Q8. How did your team overcome the challenges of integrating advanced on-device AI processing, especially with the NVIDIA Jetson Nano?
Rashmi: Integrating advanced on-device AI processing with the NVIDIA Jetson Nano presented challenges due to its limited computational resources. To address these, our team employed several optimization strategies. We utilized NVIDIA’s TensorRT to accelerate inference by optimizing neural networks for the Jetson Nano’s architecture, achieving significant performance gains. Additionally, we applied model quantization and pruning techniques to reduce model size and complexity, enabling efficient execution without compromising accuracy.
We also leveraged the Jetson Nano’s GPU capabilities to parallelize tasks, enhancing processing speed. By combining these approaches, we successfully implemented sophisticated AI functionalities directly on the device, ensuring real-time performance suitable for various applications.
Q9. What measures have you taken to ensure data security and privacy, especially since the processing occurs on the device?
Rashmi: To ensure data security and privacy during on-device processing, we have implemented several robust measures. First, we employ hardware-based security features, such as Trusted Platform Modules (TPMs), to establish a secure execution environment, safeguarding against unauthorized access and tampering.
Second, all data processed and stored on the device is encrypted using advanced encryption standards, ensuring that sensitive information remains protected even if the device is compromised.

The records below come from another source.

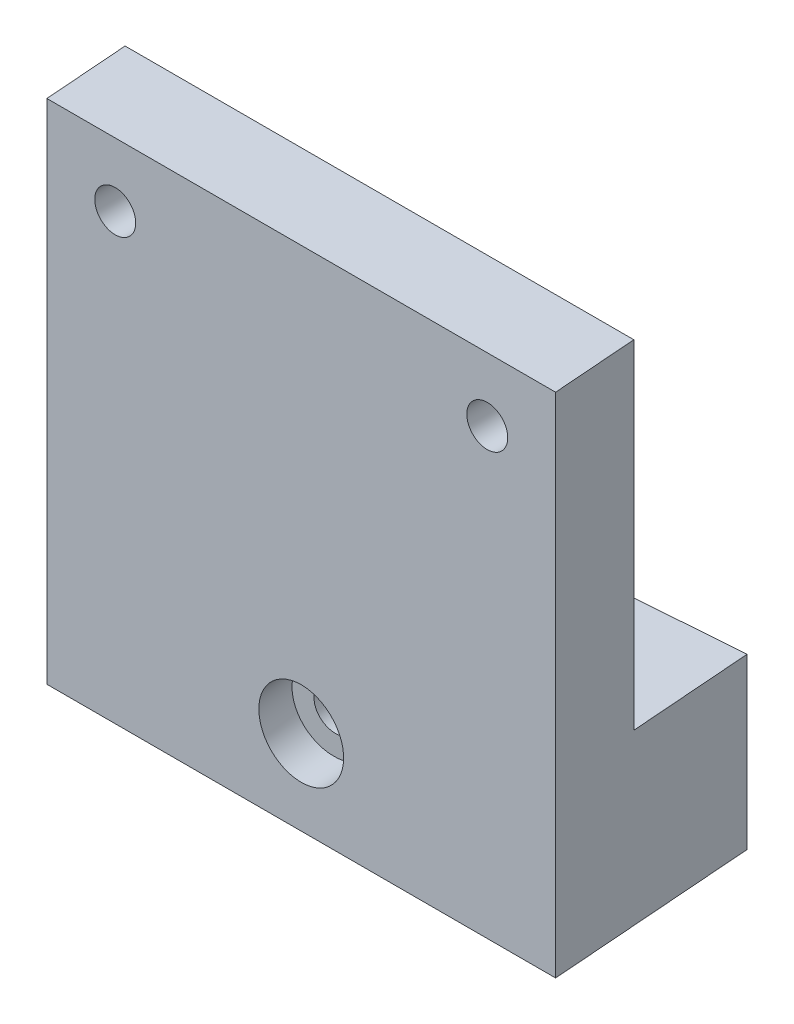
ISO-10303-21;
HEADER;
FILE_DESCRIPTION(('STEP AP214'),'2;1');
FILE_NAME('part.step','',(''),(''),'','','');
FILE_SCHEMA(('AUTOMOTIVE_DESIGN { 1 0 10303 214 1 1 1 1 }'));
ENDSEC;
DATA;
#1=APPLICATION_CONTEXT('core data for automotive mechanical design processes');
#2=APPLICATION_PROTOCOL_DEFINITION('international standard','automotive_design',2000,#1);
#3=PRODUCT_CONTEXT('',#1,'mechanical');
#4=PRODUCT('Part','Part','',(#3));
#5=PRODUCT_RELATED_PRODUCT_CATEGORY('part','',(#4));
#6=PRODUCT_DEFINITION_FORMATION('','',#4);
#7=PRODUCT_DEFINITION_CONTEXT('part definition',#1,'design');
#8=PRODUCT_DEFINITION('design','',#6,#7);
#9=PRODUCT_DEFINITION_SHAPE('','',#8);
#10=(LENGTH_UNIT() NAMED_UNIT(*) SI_UNIT(.MILLI.,.METRE.));
#11=(NAMED_UNIT(*) PLANE_ANGLE_UNIT() SI_UNIT($,.RADIAN.));
#12=(NAMED_UNIT(*) SI_UNIT($,.STERADIAN.) SOLID_ANGLE_UNIT());
#13=UNCERTAINTY_MEASURE_WITH_UNIT(LENGTH_MEASURE(1.E-05),#10,'distance_accuracy_value','');
#14=(GEOMETRIC_REPRESENTATION_CONTEXT(3) GLOBAL_UNCERTAINTY_ASSIGNED_CONTEXT((#13)) GLOBAL_UNIT_ASSIGNED_CONTEXT((#10,
#11,#12)) REPRESENTATION_CONTEXT('',''));
#15=CARTESIAN_POINT('',(0.,0.,0.));
#16=DIRECTION('',(0.,0.,1.));
#17=DIRECTION('',(1.,0.,0.));
#18=AXIS2_PLACEMENT_3D('',#15,#16,#17);
#19=CARTESIAN_POINT('',(0.,0.,332.955129639711));
#20=DIRECTION('',(0.,0.,1.));
#21=DIRECTION('',(1.,0.,0.));
#22=AXIS2_PLACEMENT_3D('',#19,#20,#21);
#23=PLANE('',#22);
#24=DIRECTION('',(-1.,0.,0.));
#25=VECTOR('',#24,1.);
#26=CARTESIAN_POINT('',(31.201050069516,-25.4,332.955129639711));
#27=LINE('',#26,#25);
#28=CARTESIAN_POINT('',(101.38564669068,-25.4,332.955129639711));
#29=VERTEX_POINT('',#28);
#30=CARTESIAN_POINT('',(24.9716347229783,-25.4,332.955129639711));
#31=VERTEX_POINT('',#30);
#32=EDGE_CURVE('E102',#29,#31,#27,.T.);
#33=ORIENTED_EDGE('',*,*,#32,.F.);
#34=DIRECTION('',(0.,1.,0.));
#35=VECTOR('',#34,1.);
#36=CARTESIAN_POINT('',(101.38564669068,-7.22333933655499E-13,332.955129639711));
#37=LINE('',#36,#35);
#38=CARTESIAN_POINT('',(101.38564669068,50.8,332.955129639711));
#39=VERTEX_POINT('',#38);
#40=EDGE_CURVE('E145',#29,#39,#37,.T.);
#41=ORIENTED_EDGE('',*,*,#40,.T.);
#42=DIRECTION('',(1.,0.,0.));
#43=VECTOR('',#42,1.);
#44=CARTESIAN_POINT('',(101.38564669068,50.8,332.955129639711));
#45=LINE('',#44,#43);
#46=CARTESIAN_POINT('',(24.9716347229785,50.8,332.955129639711));
#47=VERTEX_POINT('',#46);
#48=EDGE_CURVE('E181',#47,#39,#45,.T.);
#49=ORIENTED_EDGE('',*,*,#48,.F.);
#50=DIRECTION('',(0.,-1.,0.));
#51=VECTOR('',#50,1.);
#52=CARTESIAN_POINT('',(24.9716347229785,0.,332.955129639711));
#53=LINE('',#52,#51);
#54=EDGE_CURVE('E155',#47,#31,#53,.T.);
#55=ORIENTED_EDGE('',*,*,#54,.T.);
#56=EDGE_LOOP('',(#33,#41,#49,#55));
#57=FACE_BOUND('',#56,.T.);
#58=CARTESIAN_POINT('',(91.1186407068292,41.275,332.955129639711));
#59=DIRECTION('',(0.,0.,1.));
#60=DIRECTION('',(1.,0.,0.));
#61=AXIS2_PLACEMENT_3D('',#58,#59,#60);
#62=CIRCLE('',#61,3.0734);
#63=CARTESIAN_POINT('',(94.1920407068292,41.275,332.955129639711));
#64=VERTEX_POINT('',#63);
#65=EDGE_CURVE('E228',#64,#64,#62,.T.);
#66=ORIENTED_EDGE('',*,*,#65,.F.);
#67=EDGE_LOOP('',(#66));
#68=FACE_BOUND('',#67,.T.);
#69=CARTESIAN_POINT('',(35.2386407068292,41.275,332.955129639711));
#70=DIRECTION('',(0.,0.,1.));
#71=DIRECTION('',(1.,0.,0.));
#72=AXIS2_PLACEMENT_3D('',#69,#70,#71);
#73=CIRCLE('',#72,3.0734);
#74=CARTESIAN_POINT('',(38.3120407068292,41.275,332.955129639711));
#75=VERTEX_POINT('',#74);
#76=EDGE_CURVE('E177',#75,#75,#73,.T.);
#77=ORIENTED_EDGE('',*,*,#76,.F.);
#78=EDGE_LOOP('',(#77));
#79=FACE_BOUND('',#78,.T.);
#80=DIRECTION('',(0.,-1.,0.));
#81=VECTOR('',#80,1.);
#82=CARTESIAN_POINT('',(69.5286407068283,0.,332.955129639711));
#83=LINE('',#82,#81);
#84=CARTESIAN_POINT('',(69.5286407068283,-12.2268346567049,332.955129639711));
#85=VERTEX_POINT('',#84);
#86=CARTESIAN_POINT('',(69.5286407068283,-13.1766669993983,332.955129639711));
#87=VERTEX_POINT('',#86);
#88=EDGE_CURVE('E51',#85,#87,#83,.T.);
#89=ORIENTED_EDGE('',*,*,#88,.T.);
#90=CARTESIAN_POINT('',(63.1786407068292,-12.7017508280516,332.955129639711));
#91=DIRECTION('',(0.,0.,1.));
#92=DIRECTION('',(1.,0.,0.));
#93=AXIS2_PLACEMENT_3D('',#90,#91,#92);
#94=ELLIPSE('',#93,6.36783433064178,6.35);
#95=EDGE_CURVE('E12',#87,#85,#94,.F.);
#96=ORIENTED_EDGE('',*,*,#95,.T.);
#97=EDGE_LOOP('',(#89,#96));
#98=FACE_BOUND('',#97,.T.);
#99=ADVANCED_FACE('F42',(#57,#68,#79,#98),#23,.T.);
#100=CARTESIAN_POINT('',(31.201050069516,0.,416.014000926879));
#101=DIRECTION('',(0.,-1.,0.));
#102=DIRECTION('',(0.,0.,-1.));
#103=AXIS2_PLACEMENT_3D('',#100,#101,#102);
#104=PLANE('',#103);
#105=DIRECTION('',(-1.,0.,0.));
#106=VECTOR('',#105,1.);
#107=CARTESIAN_POINT('',(24.0191347229785,0.,320.255129639711));
#108=LINE('',#107,#106);
#109=CARTESIAN_POINT('',(100.43314669068,0.,320.255129639711));
#110=VERTEX_POINT('',#109);
#111=CARTESIAN_POINT('',(24.0191347229785,0.,320.255129639711));
#112=VERTEX_POINT('',#111);
#113=EDGE_CURVE('E65',#110,#112,#108,.T.);
#114=ORIENTED_EDGE('',*,*,#113,.F.);
#115=DIRECTION('',(-0.0747899482416342,0.,-0.997199309888456));
#116=VECTOR('',#115,1.);
#117=CARTESIAN_POINT('',(107.187637483017,0.,410.315006870867));
#118=LINE('',#117,#116);
#119=CARTESIAN_POINT('',(99.0532221364789,0.,301.856135583698));
#120=VERTEX_POINT('',#119);
#121=EDGE_CURVE('E170',#110,#120,#118,.T.);
#122=ORIENTED_EDGE('',*,*,#121,.T.);
#123=DIRECTION('',(-0.997199309888457,0.,0.0747899482416342));
#124=VECTOR('',#123,1.);
#125=CARTESIAN_POINT('',(23.0666347229783,0.,307.555129639711));
#126=LINE('',#125,#124);
#127=CARTESIAN_POINT('',(23.0666347229785,0.,307.555129639711));
#128=VERTEX_POINT('',#127);
#129=EDGE_CURVE('E213',#120,#128,#126,.T.);
#130=ORIENTED_EDGE('',*,*,#129,.T.);
#131=DIRECTION('',(-0.0747899482416342,0.,-0.997199309888456));
#132=VECTOR('',#131,1.);
#133=CARTESIAN_POINT('',(31.2010500695162,0.,416.014000926879));
#134=LINE('',#133,#132);
#135=EDGE_CURVE('E163',#112,#128,#134,.T.);
#136=ORIENTED_EDGE('',*,*,#135,.F.);
#137=EDGE_LOOP('',(#114,#122,#130,#136));
#138=FACE_BOUND('',#137,.T.);
#139=ADVANCED_FACE('F109',(#138),#104,.F.);
#140=CARTESIAN_POINT('',(69.1943437762664,-12.7017508280516,413.164503898873));
#141=DIRECTION('',(-0.0747899482416342,0.,-0.997199309888456));
#142=DIRECTION('',(-0.997199309888457,0.,0.0747899482416342));
#143=AXIS2_PLACEMENT_3D('',#140,#141,#142);
#144=CYLINDRICAL_SURFACE('',#143,3.26390000000057);
#145=CARTESIAN_POINT('',(62.739243491368,-12.7017508280516,327.096500100228));
#146=DIRECTION('',(-0.0747899482416342,0.,-0.997199309888456));
#147=DIRECTION('',(-0.997199309888456,0.,0.0747899482416342));
#148=AXIS2_PLACEMENT_3D('',#145,#146,#147);
#149=CIRCLE('',#148,3.26390000000057);
#150=CARTESIAN_POINT('',(59.4844846638225,-12.7017508280516,327.340607012294));
#151=VERTEX_POINT('',#150);
#152=EDGE_CURVE('E46',#151,#151,#149,.T.);
#153=CARTESIAN_POINT('',(61.0599284297287,-12.7017508280516,304.705632611704));
#154=DIRECTION('',(0.0747899482416342,0.,0.997199309888456));
#155=DIRECTION('',(0.997199309888456,0.,-0.0747899482416342));
#156=AXIS2_PLACEMENT_3D('',#153,#154,#155);
#157=CIRCLE('',#156,3.26390000000057);
#158=CARTESIAN_POINT('',(57.8051696021832,-12.7017508280516,304.94973952377));
#159=VERTEX_POINT('',#158);
#160=EDGE_CURVE('E154',#159,#159,#157,.T.);
#161=CARTESIAN_POINT('',(59.4844846638225,-12.7017508280516,327.340607012294));
#162=CARTESIAN_POINT('',(59.4669917985971,-12.7017508280516,327.107368809289));
#163=CARTESIAN_POINT('',(59.4494989333717,-12.7017508280516,326.874130606283));
#164=CARTESIAN_POINT('',(59.4145132029209,-12.7017508280516,326.407654200272));
#165=CARTESIAN_POINT('',(59.3970203376955,-12.7017508280516,326.174415997267));
#166=CARTESIAN_POINT('',(59.3620346072446,-12.7017508280516,325.707939591256));
#167=CARTESIAN_POINT('',(59.3445417420192,-12.7017508280516,325.474701388251));
#168=CARTESIAN_POINT('',(59.3095560115684,-12.7017508280516,325.00822498224));
#169=CARTESIAN_POINT('',(59.292063146343,-12.7017508280516,324.774986779234));
#170=CARTESIAN_POINT('',(59.2570774158922,-12.7017508280516,324.308510373223));
#171=CARTESIAN_POINT('',(59.2395845506668,-12.7017508280516,324.075272170218));
#172=CARTESIAN_POINT('',(59.204598820216,-12.7017508280516,323.608795764207));
#173=CARTESIAN_POINT('',(59.1871059549906,-12.7017508280516,323.375557561201));
#174=CARTESIAN_POINT('',(59.1521202245397,-12.7017508280516,322.90908115519));
#175=CARTESIAN_POINT('',(59.1346273593143,-12.7017508280516,322.675842952185));
#176=CARTESIAN_POINT('',(59.0996416288635,-12.7017508280516,322.209366546174));
#177=CARTESIAN_POINT('',(59.0821487636381,-12.7017508280516,321.976128343169));
#178=CARTESIAN_POINT('',(59.0471630331873,-12.7017508280516,321.509651937158));
#179=CARTESIAN_POINT('',(59.0296701679619,-12.7017508280516,321.276413734152));
#180=CARTESIAN_POINT('',(58.994684437511,-12.7017508280516,320.809937328141));
#181=CARTESIAN_POINT('',(58.9771915722856,-12.7017508280516,320.576699125136));
#182=CARTESIAN_POINT('',(58.9422058418348,-12.7017508280516,320.110222719125));
#183=CARTESIAN_POINT('',(58.9247129766094,-12.7017508280516,319.87698451612));
#184=CARTESIAN_POINT('',(58.8897272461586,-12.7017508280516,319.410508110109));
#185=CARTESIAN_POINT('',(58.8722343809332,-12.7017508280516,319.177269907103));
#186=CARTESIAN_POINT('',(58.8372486504824,-12.7017508280516,318.710793501092));
#187=CARTESIAN_POINT('',(58.819755785257,-12.7017508280516,318.477555298087));
#188=CARTESIAN_POINT('',(58.7847700548061,-12.7017508280516,318.011078892076));
#189=CARTESIAN_POINT('',(58.7672771895807,-12.7017508280516,317.77784068907));
#190=CARTESIAN_POINT('',(58.7322914591299,-12.7017508280516,317.311364283059));
#191=CARTESIAN_POINT('',(58.7147985939045,-12.7017508280516,317.078126080054));
#192=CARTESIAN_POINT('',(58.6798128634537,-12.7017508280516,316.611649674043));
#193=CARTESIAN_POINT('',(58.6623199982283,-12.7017508280516,316.378411471038));
#194=CARTESIAN_POINT('',(58.6273342677774,-12.7017508280516,315.911935065027));
#195=CARTESIAN_POINT('',(58.609841402552,-12.7017508280516,315.678696862021));
#196=CARTESIAN_POINT('',(58.5748556721012,-12.7017508280516,315.21222045601));
#197=CARTESIAN_POINT('',(58.5573628068758,-12.7017508280516,314.978982253005));
#198=CARTESIAN_POINT('',(58.522377076425,-12.7017508280516,314.512505846994));
#199=CARTESIAN_POINT('',(58.5048842111996,-12.7017508280516,314.279267643988));
#200=CARTESIAN_POINT('',(58.4698984807488,-12.7017508280516,313.812791237978));
#201=CARTESIAN_POINT('',(58.4524056155234,-12.7017508280516,313.579553034972));
#202=CARTESIAN_POINT('',(58.4174198850725,-12.7017508280516,313.113076628961));
#203=CARTESIAN_POINT('',(58.3999270198471,-12.7017508280516,312.879838425956));
#204=CARTESIAN_POINT('',(58.3649412893963,-12.7017508280516,312.413362019945));
#205=CARTESIAN_POINT('',(58.3474484241709,-12.7017508280516,312.180123816939));
#206=CARTESIAN_POINT('',(58.3124626937201,-12.7017508280516,311.713647410928));
#207=CARTESIAN_POINT('',(58.2949698284947,-12.7017508280516,311.480409207923));
#208=CARTESIAN_POINT('',(58.2599840980439,-12.7017508280516,311.013932801912));
#209=CARTESIAN_POINT('',(58.2424912328184,-12.7017508280516,310.780694598907));
#210=CARTESIAN_POINT('',(58.2075055023676,-12.7017508280516,310.314218192896));
#211=CARTESIAN_POINT('',(58.1900126371422,-12.7017508280516,310.08097998989));
#212=CARTESIAN_POINT('',(58.1550269066914,-12.7017508280516,309.614503583879));
#213=CARTESIAN_POINT('',(58.137534041466,-12.7017508280516,309.381265380874));
#214=CARTESIAN_POINT('',(58.1025483110152,-12.7017508280516,308.914788974863));
#215=CARTESIAN_POINT('',(58.0850554457898,-12.7017508280516,308.681550771857));
#216=CARTESIAN_POINT('',(58.0500697153389,-12.7017508280516,308.215074365846));
#217=CARTESIAN_POINT('',(58.0325768501135,-12.7017508280516,307.981836162841));
#218=CARTESIAN_POINT('',(57.9975911196627,-12.7017508280516,307.51535975683));
#219=CARTESIAN_POINT('',(57.9800982544373,-12.7017508280516,307.282121553825));
#220=CARTESIAN_POINT('',(57.9451125239865,-12.7017508280516,306.815645147814));
#221=CARTESIAN_POINT('',(57.9276196587611,-12.7017508280516,306.582406944808));
#222=CARTESIAN_POINT('',(57.8926339283103,-12.7017508280516,306.115930538797));
#223=CARTESIAN_POINT('',(57.8751410630848,-12.7017508280516,305.882692335792));
#224=CARTESIAN_POINT('',(57.840155332634,-12.7017508280516,305.416215929781));
#225=CARTESIAN_POINT('',(57.8226624674086,-12.7017508280516,305.182977726776));
#226=CARTESIAN_POINT('',(57.8051696021832,-12.7017508280516,304.94973952377));
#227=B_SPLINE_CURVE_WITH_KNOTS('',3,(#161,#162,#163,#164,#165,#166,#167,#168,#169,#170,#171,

Third, we implement secure boot processes to verify the integrity of the device’s firmware and software at startup, preventing the execution of malicious code. Additionally, we regularly update our security protocols to address emerging threats and vulnerabilities, maintaining a proactive stance on data protection. By integrating these measures, we provide a secure and private environment for on-device data processing, aligning with best practices in edge AI security.
Q10. What are your current and potential revenue streams? Which aspect—hardware sales, developer fees, or subscription services—has been the most effective source of income for IndoAI?
Rashmi: IndoAI currently generates revenue through hardware sales, subscription services, and developer fees. Hardware sales involve one-time transactions for AI cameras, with pricing tiers based on specifications. Subscription services are offered via the Appization marketplace, where users pay recurring fees to access and update AI applications tailored to their needs.
Developer fees come from third-party developers who create and monetize applications on IndoAI’s platform. Among these, hardware sales have been the most successful, providing a solid foundation for the company’s growth.
To expand, IndoAI plans to enhance its subscription services by introducing more specialized applications and features, thereby increasing recurring revenue. Additionally, the company aims to foster a vibrant developer community by offering comprehensive support and incentives, encouraging the creation of innovative applications that can be monetized through the platform.